Je veux remercier ici tous ceux de nos collègues, nombreux, qui se sont investis dans le travail de préparation de ce texte et qui ont assisté aux auditions – nous avons commencé à entendre différents acteurs dès que le texte a été soumis au Conseil d'État, c'est-à-dire que ces auditions durent déjà depuis près de quatre semaines. Nous avons travaillé avec les commissions des affaires sociales, des affaires européennes, des affaires économiques, des affaires culturelles – avec cette dernière, nous avons établi un véritable partenariat, notamment sur les questions relatives aux universités et à la recherche, principalement l'open access et le data mining. Le lobby de l'édition peut être très puissant : il faut pouvoir entendre le point de vue des uns et des autres et conserver cette volonté de partir du citoyen et de ses droits. C'est ce qu'a su faire ce texte. La confiance se construit, elle ne se décrète pas : il faudra beaucoup expliquer, et beaucoup rassurer. Je ne doute pas que la commission des Lois saura répondre aux inquiétudes.
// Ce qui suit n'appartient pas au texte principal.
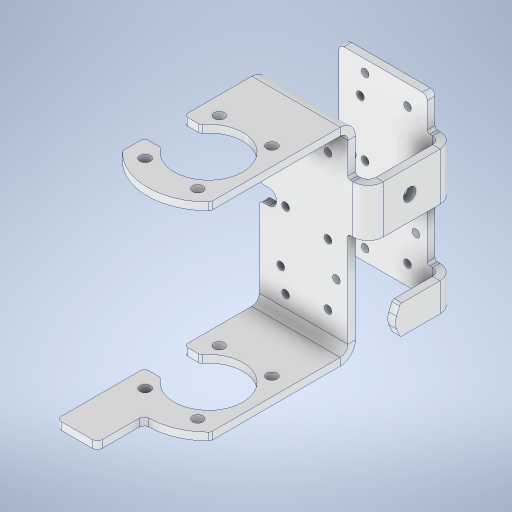
# Autodesk Inventor part: Left Gantry Guide
Saved by Autodesk Inventor 2024 (Build 280153000, 153)
## iProperties
Created: 2024-12-25
Part Number: Left Gantry Guide
Material: Aluminum 6061
Document SubType Name: Sheet Metal
Designer: Ishaan
Density: 2.7 g/cm^3
Sheet Metal Rule: SendCutSend_1-8_Alu
Appearance: Aluminum - Flat
Flat Pattern Width: 11.6413 cm
Flat Pattern Length: 23.1913 cm
Flat Pattern Area: 269.978 cm^2
Sheet Metal Width: 116.413 mm
Sheet Metal Length: 231.913 mm
Sheet Metal Area: 26997.814 mm^2
Author: Ishaan
Autodesk Inventor part; units mm, degrees
ref_plane "YZ Plane" through (0, 0, 0) normal (1, 0, 0) x (0, 1, 0)
ref_plane "XZ Plane" through (0, 0, 0) normal (0, 1, 0) x (-1, 0, 0)
ref_plane "XY Plane" through (0, 0, 0) normal (0, 0, 1) x (1, 0, 0)
sketch "Sketch1" plane through (0, 0, 0) normal (0, 0, 1) x (1, 0, 0)
  line L0 (18.5, -40.1) -> (-18.5, -40.1)
  line L1 (-18.5, -40.1) -> (-18.5, 40.1)
  line L2 (-18.5, 40.1) -> (18.5, 40.1)
  line L3 (18.5, 40.1) -> (18.5, -40.1)
  line L4 (18.5, -40.1) -> (-18.5, 40.1) construction
  line L5 (-18.5, -40.1) -> (18.5, 40.1) construction
  point P0 (0, 0)
  dimension "d0" = 37
  dimension "d1" = 80.2
extrude "Plate1" add sketch "Sketch1" along normal blind 3.175
sketch "Sketch2" plane through (18.5, -40.1, 3.175) normal (0, -1, 0) x (1, 0, 0)
  line L0 (-37, 0) -> (0, 0)
  line L1 (0, 0) -> (0, 96.825)
  line L2 (0, 96.825) -> (-37, 96.825)
  line L3 (-37, 96.825) -> (-37, 0)
  constraints: 6 end point, 1 horizontal, 1 perpendicular, 1 vertical
edge flange "Flange1" height 100 angle 90 thickness 3.175 bend radius 3.175 thickness toward (0, -1, 0) relief straight relief width 3.175 relief depth 1.5875 edges at (0, -40.1, 3.175) wall of the first edge with corners at (-18.5, -40.1, 3.175) (18.5, -40.1, 3.175) (18.5, -40.1, 100) (-18.5, -40.1, 100)
bend "Bend1"
corner "Corner1"
sketch "Sketch3" plane through (-18.5, 40.1, 3.175) normal (0, 1, 0) x (-1, 0, 0)
  line L0 (-37, 0) -> (0, 0)
  line L1 (0, 0) -> (0, 96.825)
  line L2 (0, 96.825) -> (-37, 96.825)
  line L3 (-37, 96.825) -> (-37, 0)
  constraints: 6 end point, 1 horizontal, 1 perpendicular, 1 vertical
edge flange "Flange2" height 100 angle 90 thickness 3.175 bend radius 3.175 thickness toward (0, 1, 0) relief straight relief width 3.175 relief depth 1.5875 edges at (0, 40.1, 3.175) wall of the first edge with corners at (18.5, 40.1, 3.175) (-18.5, 40.1, 3.175) (-18.5, 40.1, 100) (18.5, 40.1, 100)
bend "Bend2"
corner "Corner2"
sketch "Sketch4" plane through (-18.5, -43.275, 100) normal (0, -1, 0) x (1, 0, 0)
  line L0 (35.5, -73.9911) -> (1.5, -73.9911) construction
  line L1 (1.5, -73.9911) -> (1.5, -40.1089) construction
  line L2 (1.5, -40.1089) -> (35.5, -40.1089) construction
  line L3 (35.5, -40.1089) -> (35.5, -73.9911) construction
  line L4 (35.5, -73.9911) -> (1.5, -40.1089) construction
  line L5 (1.5, -73.9911) -> (35.5, -40.1089) construction
  circle A0 centre (18.5, -57.05) radius 24 construction
  line L6 (0, 0) -> (37, 0) construction
  circle A1 centre (18.5, -57.05) radius 25.5
  line L7 (37, -74.5999) -> (0, -74.5999)
  line L8 (0, -74.5999) -> (0, -39.5001)
  line L9 (0, -39.5001) -> (37, -39.5001)
  line L10 (37, -39.5001) -> (37, -74.5999)
  line L11 (37, -74.5999) -> (0, -39.5001) construction
  line L12 (0, -74.5999) -> (37, -39.5001) construction
  line L13 (29.5, -72.55) -> (7.5, -72.55) construction
  line L14 (7.5, -72.55) -> (7.5, -41.55) construction
  line L15 (7.5, -41.55) -> (29.5, -41.55) construction
  line L16 (29.5, -41.55) -> (29.5, -72.55) construction
  line L17 (29.5, -72.55) -> (7.5, -41.55) construction
  line L18 (7.5, -72.55) -> (29.5, -41.55) construction
  line L19 (37, -100) -> (0, -100) construction
  line L20 (0, -93.65) -> (37, -93.65) projected
  line L21 (37, 0) -> (37, -93.65) projected
  line L22 (0, 0) -> (37, 0) projected
  line L23 (0, -93.65) -> (0, 0) projected
  circle A2 centre (7.5, -41.55) radius 2 construction
  circle A3 centre (29.5, -41.55) radius 2 construction
  circle A4 centre (29.5, -72.55) radius 2 construction
  circle A5 centre (7.5, -72.55) radius 2 construction
  circle A6 centre (18.5, -57.05) radius 14.375
  line L24 (18.5, -57.05) -> (0, -57.05) construction
  line L25 (18.5, -48.8) -> (0, -48.8)
  line L26 (0, -65.3) -> (18.5, -65.3)
  arc A7 (18.5, -65.3) -> (18.5, -48.8) centre (18.5, -57.05) ccw
  arc A8 (0, -48.8) -> (0, -65.3) centre (0, -57.05) ccw
  line L27 (40, -70.7613) -> (40, -43.3387)
  point P0 (18.5, -100)
  point P1 (18.5, 0)
  point P2 (9.25, -57.05)
  point P3 (0, -39.5001)
  point P4 (37, -39.5001)
  point P5 (0, -65.3)
  point P6 (6.7281, -65.3)
  point P7 (6.7281, -48.8)
  point P8 (0, -48.8)
  point P9 (37, -74.5999)
  dimension "d25" = 48
  dimension "d23" = 34
  dimension "d26" = 1.5
  dimension "d28" = 1.5
  dimension "d29" = 22
  dimension "d30" = 31
  dimension "d31" = 42.95
  dimension "d32" = 4
  dimension "d33" = 28.75
  dimension "d34" = 16.5
  dimension "d46" = 3
  constraints: 46 end point, 11 coincident, 8 centre point, 8 midpoint, 7 parallel, 7 point on circle, 4 perpendicular, 4 tangent, 3 equal radius, 3 horizontal, 1 point on line, 1 vertical, 1 vertical alignment, 3 other
  measures "d23" distance of L1.end L2.end
  measures "d26" distance between parallel lines of L8 L1
  measures "d29" distance of L14.end L15.end
  measures "d30" distance of L13.end L14.end
  measures "d31" distance from line of point (18.5, -57.05) L19
  measures "d32" diameter of A2
  measures "d33" diameter of A6
  measures "d34" diameter of A8
  measures "d46" distance between parallel lines of L10 L27
extrude "Extrusion1" cut sketch "Sketch4" against normal up to surface (3.175 mm away) contours A1 L23 L22 L21 | L25 A6 L26 L8 | L25 A7 L26 A6 | A6 L26 A7 L25
hole "Hole1" at (-11, -43.275, 27.45) at (-11, -43.275, 58.45) at (11, -43.275, 58.45) at (11, -43.275, 27.45) direction (0, 1, 0) diameter 4.4 depth 3.175
mirror "Mirror1" about plane through (0, 0, 0) normal (0, 1, 0) of "Extrusion1", "Hole1"
sketch "Sketch5" plane through (0, 0, 3.175) normal (0, 0, 1) x (1, 0, 0)
  line L0 (10.236, -3) -> (10.236, -28.472) construction
  line L1 (18.5, 36.925) -> (18.5, -36.925) projected
  line L2 (10.236, -15.736) -> (13.736, -15.736) construction
  line L3 (18.5, -40.1) -> (-18.5, -40.1) projected
  circle A0 centre (10.236, -3) radius 6 construction
  circle A1 centre (10.236, -28.472) radius 6 construction
  circle A2 centre (13.736, -15.736) radius 6.736 construction
  line L4 (10.236, -22.472) -> (35.0958, -22.472) construction
  line L5 (10.236, -9) -> (35.0958, -9) construction
  line L6 (18.5, 23) -> (53.1345, 23) construction
  line L7 (53.1345, 23) -> (53.1345, 3) construction
  line L8 (53.1345, 3) -> (18.5, 3) construction
  line L9 (18.5, 3) -> (18.5, 23) construction
  line L10 (18.5, 23) -> (20.65, 23)
  line L11 (20.65, 23) -> (20.65, 3)
  line L12 (20.65, 3) -> (18.5, 3)
  line L13 (18.5, 3) -> (18.5, 23)
  line L14 (27, 23) -> (27, 3) construction
  line L15 (10.236, 28.472) -> (10.236, -28.472) construction
  point P0 (0, 0)
  point P1 (18.5, 13)
  point P2 (18.5, 23)
  point P3 (18.5, 3)
  point P4 (10.236, 0)
  dimension "d52" = 12
  dimension "d49" = 3.5
  dimension "d51" = 8.264
  dimension "d53" = 13.472
  dimension "d61" = 20
  dimension "d62" = 22
  dimension "d127" = 6.35
  dimension "d128" = 27
  dimension "d145" = 3
  constraints: 28 end point, 6 coincident, 6 horizontal, 4 parallel, 4 perpendicular, 4 point on line, 3 midpoint, 2 collinear, 2 vertical alignment, 1 centre point, 1 horizontal alignment, 1 tangent, 1 vertical, 4 other
  measures "d49" distance of L2.start L2.end
  measures "d51" distance from line of L1 L0.end
  measures "d53" diameter of A2
  measures "d61" distance of L8.end L6.start
  measures "d62" distance from line of point (18.5, 13) L5
  measures "d127" distance between parallel lines of L11 L14
  measures "d128" distance from line of L14 point (0, 0)
  measures "d145" vertical distance of L0.start point (0, 0)
hole "Hole2" at (10.236, -3, 3.175) at (10.236, -28.472, 3.175) at (13.736, -15.736, 3.175) at (10.236, 28.472, 3.175) direction (0, 0, -1) diameter 3.2 end through all
extrude "Extrusion3" add sketch "Sketch5" against normal up to surface (3.175 mm away)
sketch "Sketch6" plane through (23.825, 3, -3.175) normal (1, 0, 0) x (0, 1, 0)
  line L0 (20, 0) -> (0, 0)
  line L1 (0, 0) -> (0, -26.925)
  line L2 (0, -26.925) -> (20, -26.925)
  line L3 (20, -26.925) -> (20, 0)
  constraints: 6 end point, 1 horizontal, 1 perpendicular, 1 vertical
edge flange "Flange3" height 30.1 angle 90 thickness 3.175 bend radius 3.175 thickness toward (1, 0, 0) relief straight relief width 3.175 relief depth 1.5875 edges at (20.65, 13, 0) wall of the first edge with corners at (23.825, 23, -3.175) (23.825, 3, -3.175) (23.825, 3, -30.1) (23.825, 23, -30.1)
bend "Bend3"
corner "Corner3"
sketch "Sketch7" plane through (23.825, 3, -30.1) normal (0, 0, -1) x (-1, 0, 0)
  line L0 (0, 20) -> (0, 0)
  line L1 (0, 0) -> (5.325, 0)
  line L2 (5.325, 0) -> (5.325, 20)
  line L3 (5.325, 20) -> (0, 20)
  constraints: 6 end point, 1 horizontal, 1 perpendicular, 1 vertical
edge flange "Flange4" height 3 angle 90 thickness 3.175 bend radius 3.175 thickness toward (0, 0, -1) relief straight relief width 3.175 relief depth 1.5875 edges at (23.825, 13, -30.1) wall of the first edge with corners at (23.825, 23, -30.1) (23.825, 3, -30.1) (18.5, 3, -30.1) (18.5, 23, -30.1)
bend "Bend4"
corner "Corner4"
sketch "Sketch8" plane through (18.5, 3, -33.275) normal (0, 0, -1) x (-1, 0, 0)
  circle A0 centre (4.764, -18.736) radius 1.6 projected
  circle A1 centre (8.264, -31.472) radius 1.6 projected
  circle A2 centre (8.264, -6) radius 1.6 projected
  line L0 (37, 33.925) -> (0, 33.925) projected
  line L1 (0, 20) -> (0, 33.925) projected
  line L2 (0, 20) -> (-2.15, 20) projected
  line L3 (-2.15, 20) -> (-2.15, 0) projected
  line L4 (-2.15, 0) -> (0, 0) projected
  line L5 (0, -39.925) -> (0, 0) projected
  line L6 (0, -39.925) -> (37, -39.925) projected
  line L7 (37, 33.925) -> (37, -39.925) projected
  line L8 (0, 20) -> (0, 0) projected
  line L9 (0, 20) -> (37, 20)
  line L10 (0, -39.925) -> (0, 0) projected
  line L11 (0, -39.736) -> (37, -39.736)
  circle A3 centre (8.264, -31.472) radius 8.264
  circle A4 centre (8.264, 25.472) radius 1.6 projected
  circle A5 centre (8.264, 25.472) radius 8.264
  line L12 (0, 33.736) -> (37, 33.736)
  point P0 (18.5, -3)
  point P1 (0, -39.736)
  point P2 (6.7536, 20)
  point P3 (9.7744, 20)
  constraints: 6 end point, 5 point on line, 4 tangent, 3 perpendicular, 2 centre point, 2 coincident
extrude "Extrusion4" add sketch "Sketch8" against normal up to surface (3.175 mm away) contours L7 L9 A5 L12 | L12 A5 L1 | L7 L11 A3 L5 L8 L9 A5 | A5 L9 | A5 L9 L1 | A5 L9 | L11 L5 A3 | A3
sketch "Sketch9" plane through (27, 3, -3.175) normal (1, 0, 0) x (0, 0, -1)
  line L0 (23.75, 0) -> (23.75, 20) projected
  line L1 (0, 20) -> (23.75, 20) projected
  line L2 (0, 20) -> (0, 0) projected
  line L3 (23.75, 0) -> (0, 0) projected
  line L4 (23.75, 20) -> (0, 20) construction
  line L5 (0, 20) -> (0, 0) construction
  line L6 (0, 0) -> (23.75, 0) construction
  line L7 (23.75, 0) -> (23.75, 20) construction
  line L8 (23.75, 20) -> (0, 0) construction
  line L9 (0, 20) -> (23.75, 0) construction
  point P0 (-3.175, -3)
  point P1 (11.875, 10)
  point P2 (11.875, 10)
  point P3 (11.025, 10)
  dimension "d144" = 0.85
  constraints: 12 end point, 2 midpoint, 2 parallel, 1 coincident, 1 horizontal, 1 horizontal alignment, 1 perpendicular
  measures "d144" distance of point (11.025, 10) point (11.875, 10)
hole "Hole3" at (27, 13, -14.2) direction (-1, 0, 0) diameter 5.3 end through all
sketch "Sketch10" plane through (20.65, 3, -30.1) normal (0, 0, 1) x (1, 0, 0)
  line L0 (5.4993, 20) -> (5.4993, 0) projected
  line L1 (5.4993, 0) -> (0, 0) projected
  line L2 (0, 20) -> (0, 0) projected
  line L3 (-2.15, 20) -> (0, 20) projected
  line L4 (0, 0) -> (-2.15, 0) projected
  line L5 (0, 20) -> (5.4993, 20) projected
  circle A0 centre (-10.414, -6) radius 9 construction
  circle A1 centre (-6.914, -18.736) radius 9 construction
  circle A2 centre (-10.414, -31.472) radius 9 construction
  line L6 (-2.15, 33.736) -> (-2.15, 20) projected
  circle A3 centre (-10.414, -6) radius 1.6 projected
  circle A4 centre (-6.914, -18.736) radius 1.6 projected
  circle A5 centre (-10.414, -31.472) radius 1.6 projected
  line L7 (-39.15, 33.736) -> (-2.15, 33.736) projected
  line L8 (-39.15, -39.736) -> (-39.15, 33.736) projected
  line L9 (-2.15, -39.736) -> (-39.15, -39.736) projected
  line L10 (-2.15, 0) -> (-2.15, -39.736) projected
  line L11 (-28.15, 28.736) -> (-28.15, -34.736) construction
  line L12 (-30.15, 19.5) -> (-30.15, -25.5) construction
  circle A6 centre (-10.414, 25.472) radius 1.6 projected
  point P0 (-20.65, -3)
  point P1 (-10.414, -31.472)
  point P2 (-10.414, -6)
  point P3 (-6.914, -18.736)
  point P4 (-28.15, -3)
  point P5 (-39.15, -3)
  point P6 (-28.15, -3)
  point P7 (-30.15, -3)
  dimension "d129" = 18
  dimension "d150" = 5
  dimension "d151" = 11
  dimension "d152" = 45
  dimension "d153" = 9
  constraints: 8 coincident, 4 end point, 3 centre point, 3 midpoint, 2 equal radius, 2 horizontal alignment, 2 vertical
  measures "d129" diameter of A0
  measures "d150" distance from line of L9 L11.end
  measures "d151" distance between parallel lines of L8 L11
  measures "d152" distance of L12.start L12.end
  measures "d153" distance between parallel lines of L8 L12
hole "Hole4" at (-7.5, 31.736, -30.1) at (-7.5, 0, -30.1) at (-7.5, -31.736, -30.1) direction (0, 0, -1) diameter 3.2 end through all both
hole "Hole5" at (-9.5, 22.5, -30.1) at (-9.5, -22.5, -30.1) direction (0, 0, -1) diameter 3.2 end through all both
sketch "Sketch13" plane through (20.65, 3, -33.275) normal (0, 0, -1) x (-1, 0, 0)
  circle A0 centre (30.15, -25.5) radius 1.6 projected
  circle A1 centre (30.15, 19.5) radius 1.6 projected
  circle A2 centre (28.15, -34.736) radius 1.6 projected
  circle A3 centre (28.15, -3) radius 1.6 projected
  circle A4 centre (28.15, 28.736) radius 1.6 projected
  circle A5 centre (10.414, -6) radius 1.6 projected
  circle A6 centre (6.914, -18.736) radius 1.6 projected
  circle A7 centre (10.414, -31.472) radius 1.6 projected
  circle A8 centre (10.414, 25.472) radius 1.6 projected
  line L0 (0, 20) -> (0, 0) projected
  line L1 (2.15, 0) -> (0, 0) projected
  line L2 (2.15, 0) -> (2.15, -39.736) projected
  line L3 (2.15, -39.736) -> (39.15, -39.736) projected
  line L4 (39.15, -39.736) -> (39.15, 33.736) projected
  line L5 (39.15, 33.736) -> (2.15, 33.736) projected
  line L6 (2.15, 33.736) -> (2.15, 20) projected
  line L7 (0, 20) -> (2.15, 20) projected
  line L8 (2.15, -39.736) -> (0, -39.736)
  line L9 (0, -39.736) -> (0, -27.736)
  line L10 (0, -27.736) -> (2.15, -27.736)
  line L11 (2.15, -27.736) -> (2.15, -39.736)
  line L12 (0, 20) -> (0, 0) projected
  point P0 (20.65, -3)
  point P1 (2.15, -27.736)
  dimension "d154" = 12
  constraints: 8 end point, 2 parallel, 1 collinear, 1 horizontal, 1 perpendicular
  measures "d154" distance of L8.end L9.end
extrude "Extrusion7" add sketch "Sketch13" against normal up to surface (3.175 mm away) contours L2 L8 L9 L10
sketch "Sketch14" plane through (23.825, -24.736, -26.925) normal (1, 0, 0) x (0, 1, 0)
  line L0 (-12, 0) -> (0, 0)
  line L1 (0, 0) -> (0, 33.65)
  line L2 (0, 33.65) -> (-12, 33.65)
  line L3 (-12, 33.65) -> (-12, 0)
  constraints: 6 end point, 1 horizontal, 1 perpendicular, 1 vertical
edge flange "Flange5" height 40 angle 90 thickness 3.175 bend radius 3.175 thickness toward (1, 0, 0) relief straight relief width 3.175 relief depth 1.5875 edges at (20.65, -30.736, -30.1) wall of the first edge with corners at (23.825, -36.736, -26.925) (23.825, -24.736, -26.925) (23.825, -24.736, 6.725) (23.825, -36.736, 6.725)
bend "Bend5"
corner "Corner5"
sketch "Sketch15" plane through (27, -36.736, 6.725) normal (1, 0, 0) x (0, 0, -1)
  circle A0 centre (20.925, 49.736) radius 2.65 construction
  line L0 (33.65, 0) -> (33.65, 12) projected
  line L1 (0, 12) -> (33.65, 12) projected
  line L2 (0, 0) -> (0, 12) projected
  line L3 (33.65, 0) -> (0, 0) projected
  circle A1 centre (20.925, 6) radius 6
  line L4 (0, 12) -> (33.65, 12) projected
  line L5 (33.65, 0) -> (0, 0) projected
  line L6 (16.9159, 0) -> (15.3817, 3.7039)
  line L7 (15.3817, 8.2961) -> (16.9159, 12)
  point P0 (6.725, 36.736)
  point P1 (16.9159, 0)
  point P2 (16.9159, 12)
  dimension "d167" = 135
  constraints: 4 end point, 4 tangent, 2 point on circle, 2 point on line, 2 vertical alignment, 1 centre point
  measures "d167" angle of L6 L7
extrude "Extrusion8" cut sketch "Sketch15" against normal up to surface (3.175 mm away) contours L3 L2 L1 L7 A1 L6
fillet "Fillet1" radius 1 5 edges at (18.5, 3, 1.5875) (18.5, 23, 1.5875) (18.5, 23, -31.6875) (18.5, 3, -31.6875) (18.5, -24.736, -31.6875)
fillet "Fillet2" radius 2 3 edges at (-18.5, -36.736, -31.6875) (18.5, 36.736, -31.6875) (-18.5, 36.736, -31.6875)
fillet "Fillet3" radius 1.5 12 edges at (18.5, -41.6875, 60.4999) (-18.5, -41.6875, 60.4999) (-11.7719, -41.6875, 34.7) (-11.7719, -41.6875, 51.2) (-18.5, -41.6875, 51.2) (-18.5, -41.6875, 34.7) (18.5, 41.6875, 60.4999) (-11.7719, 41.6875, 34.7) (-18.5, 41.6875, 34.7) (-11.7719, 41.6875, 51.2) (-18.5, 41.6875, 51.2) (-18.5, 41.6875, 60.4999)
fillet "Fillet6" radius 1 2 edges at (25.4125, -24.736, -10.1909) (25.4125, -36.736, -10.1909)
sketch "Sketch11" plane through (20.65, 3, -33.275) normal (0, 0, -1) x (-1, 0, 0)
  line L0 (0, 20) -> (1.15, 20) projected
  line L1 (0, 20) -> (0, 0) projected
  line L2 (1.15, 0) -> (0, 0) projected
  line L3 (39.15, -3) -> (35.15, -3) construction
  line L4 (39.15, 0.25) -> (35.15, 0.25)
  line L5 (35.15, -6.25) -> (39.15, -6.25)
  arc A0 (39.15, -6.25) -> (39.15, 0.25) centre (39.15, -3) ccw
  arc A1 (35.15, 0.25) -> (35.15, -6.25) centre (35.15, -3) ccw
  arc A2 (39.15, 31.736) -> (37.15, 33.736) centre (37.15, 31.736) ccw projected
  line L6 (37.15, 33.736) -> (4.15, 33.736) projected
  arc A3 (4.15, 33.736) -> (2.15, 31.736) centre (4.15, 31.736) ccw projected
  line L7 (2.15, 31.736) -> (2.15, 21) projected
  arc A4 (1.15, 20) -> (2.15, 21) centre (1.15, 21) ccw projected
  arc A5 (2.15, -1) -> (1.15, 0) centre (1.15, -1) ccw projected
  line L8 (2.15, -1) -> (2.15, -26.736) projected
  line L9 (0, -39.736) -> (37.15, -39.736) projected
  arc A6 (37.15, -39.736) -> (39.15, -37.736) centre (37.15, -37.736) ccw projected
  line L10 (39.15, -37.736) -> (39.15, 31.736) projected
  circle A7 centre (28.15, -3) radius 1.6 projected
  line L11 (39.15, -37.736) -> (39.15, 31.736) projected
  arc A8 (1.15, -27.736) -> (2.15, -26.736) centre (1.15, -26.736) ccw projected
  line L12 (1.15, -27.736) -> (0, -27.736) projected
  line L13 (0, -27.736) -> (0, -39.736) projected
  point P0 (20.65, -3)
  point P1 (37.15, -3)
  dimension "d130" = 6.5
  dimension "d131" = 4
  constraints: 8 end point, 4 point on circle, 4 tangent, 2 centre point, 2 midpoint, 1 parallel, 1 perpendicular, 1 point on line
  measures "d130" diameter of A1
  measures "d131" distance of L3.start L3.end
extrude "Extrusion5" cut sketch "Sketch11" against normal up to surface (36.45 mm away) contours L10 L5 A1 L4 | A0 L10
fillet "Fillet4" radius 1.5 4 edges at (-18.5, 3.25, 1.5875) (-18.5, -3.25, 1.5875) (-18.5, -3.25, -31.6875) (-18.5, 3.25, -31.6875)
ref_plane "Work Plane1" through (0, 0, -15.05) normal (0, 0, -1) x (-1, 0, 0)
ref_plane "Work Plane2" through (0, 0, -7.55) normal (0, 0, -1) x (-1, 0, 0)
ref_plane "Work Plane3" through (0, 0, -22.55) normal (0, 0, -1) x (-1, 0, 0)
ref_plane "Work Plane4" through (0, 0, -15.05) normal (0, 0, -1) x (-1, 0, 0)
sketch "Sketch12" plane through (-18.5, -43.275, 6.35) normal (0, -1, 0) x (1, 0, 0)
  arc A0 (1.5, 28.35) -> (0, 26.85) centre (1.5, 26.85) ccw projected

La semaine dernière, en séance publique, nous avons voté le projet de loi de transposition de la directive dite « ISP » – Informations du secteur public – de 2013, qui porte notamment sur l'open data et la gratuité des données publiques. Nous devrons revenir sur ce sujet. J'invite notamment la Commission à se pencher sur l'article 106 de la loi portant nouvelle organisation territoriale de la République (NOTRe), dont bon nombre de collectivités locales n'ont pas encore perçu tout l'intérêt et toutes les conséquences. Nous devrons aussi traiter des plateformes, de la loyauté et de la portabilité, voire prévoir un encadrement.

Ce texte est donc très large. J'ai cité l'accessibilité et la recherche, je n'ai pas encore cité la mort numérique et la question patrimoniale ou pseudo-patrimoniale : que deviennent nos données après notre mort ? Les données personnelles font-elles partie de la succession ? Les auditions sur ce point ont été particulièrement riches.

Madame la secrétaire d'État, ce texte très attendu s'est longtemps appelé « loi numérique » : certains observateurs s'attendaient à un texte traitant aussi des écosystèmes numériques, des start-up, de leur financement, de leur fiscalité. Ce n'est pas le cas, et vous avez choisi un titre plus précis. Cette question du titre reviendra à coup sûr dans nos discussions, mais pouvez-vous expliquer les raisons de ce choix ?

Le Gouvernement a engagé la procédure accélérée sur ce texte. On comprend bien la nécessité d'une application rapide de ses dispositions. Néanmoins, eu égard à l'ampleur des sujets traités, au grand nombre de codes modifiés, à la nécessaire précision de ce texte, écartez-vous totalement l'idée d'une deuxième lecture ?

S'agissant de l'open data, un débat s'est ouvert sur la gratuité des données publiques. Quelle est aujourd'hui votre position ? Nous avons évoqué en séance publique, lors des débats sur la transposition de la directive ISP, le modèle de freemium, où les données sont d'abord gratuites puis deviennent payantes en fonction de l'importance des données utilisées, de leur qualité ou de la fréquence de leur mise à jour, par exemple. Mme Valter, secrétaire d'État chargée de la réforme de l'État et de la simplification, avait pris, en séance, l'engagement que le Gouvernement retravaillerait sur ce sujet.

S'agissant de la loyauté des plateformes, vous avez choisi d'inscrire ce texte dans le cadre du droit de la consommation. J'y vois un avantage certain : le texte s'appliquera aux acteurs nationaux, mais aussi internationaux, notamment les GAFA – Google, Apple, Facebook, Amazon. Mais cela limite aussi la portée du texte au business to consumer, le business to business étant finalement peu concerné, alors qu'il constitue un véritable enjeu, dans le domaine par exemple des moteurs de recherche et des classements que ceux-ci proposent.

Comment, enfin, ce projet de loi s'articule-t-il avec les textes européens en cours d'élaboration, et attendus dès le début de l'année prochaine ? Nous avons appris hier que le projet de règlement général sur la protection des données pourrait par exemple permettre d'interdire l'accès des réseaux sociaux aux enfants de moins de seize ans.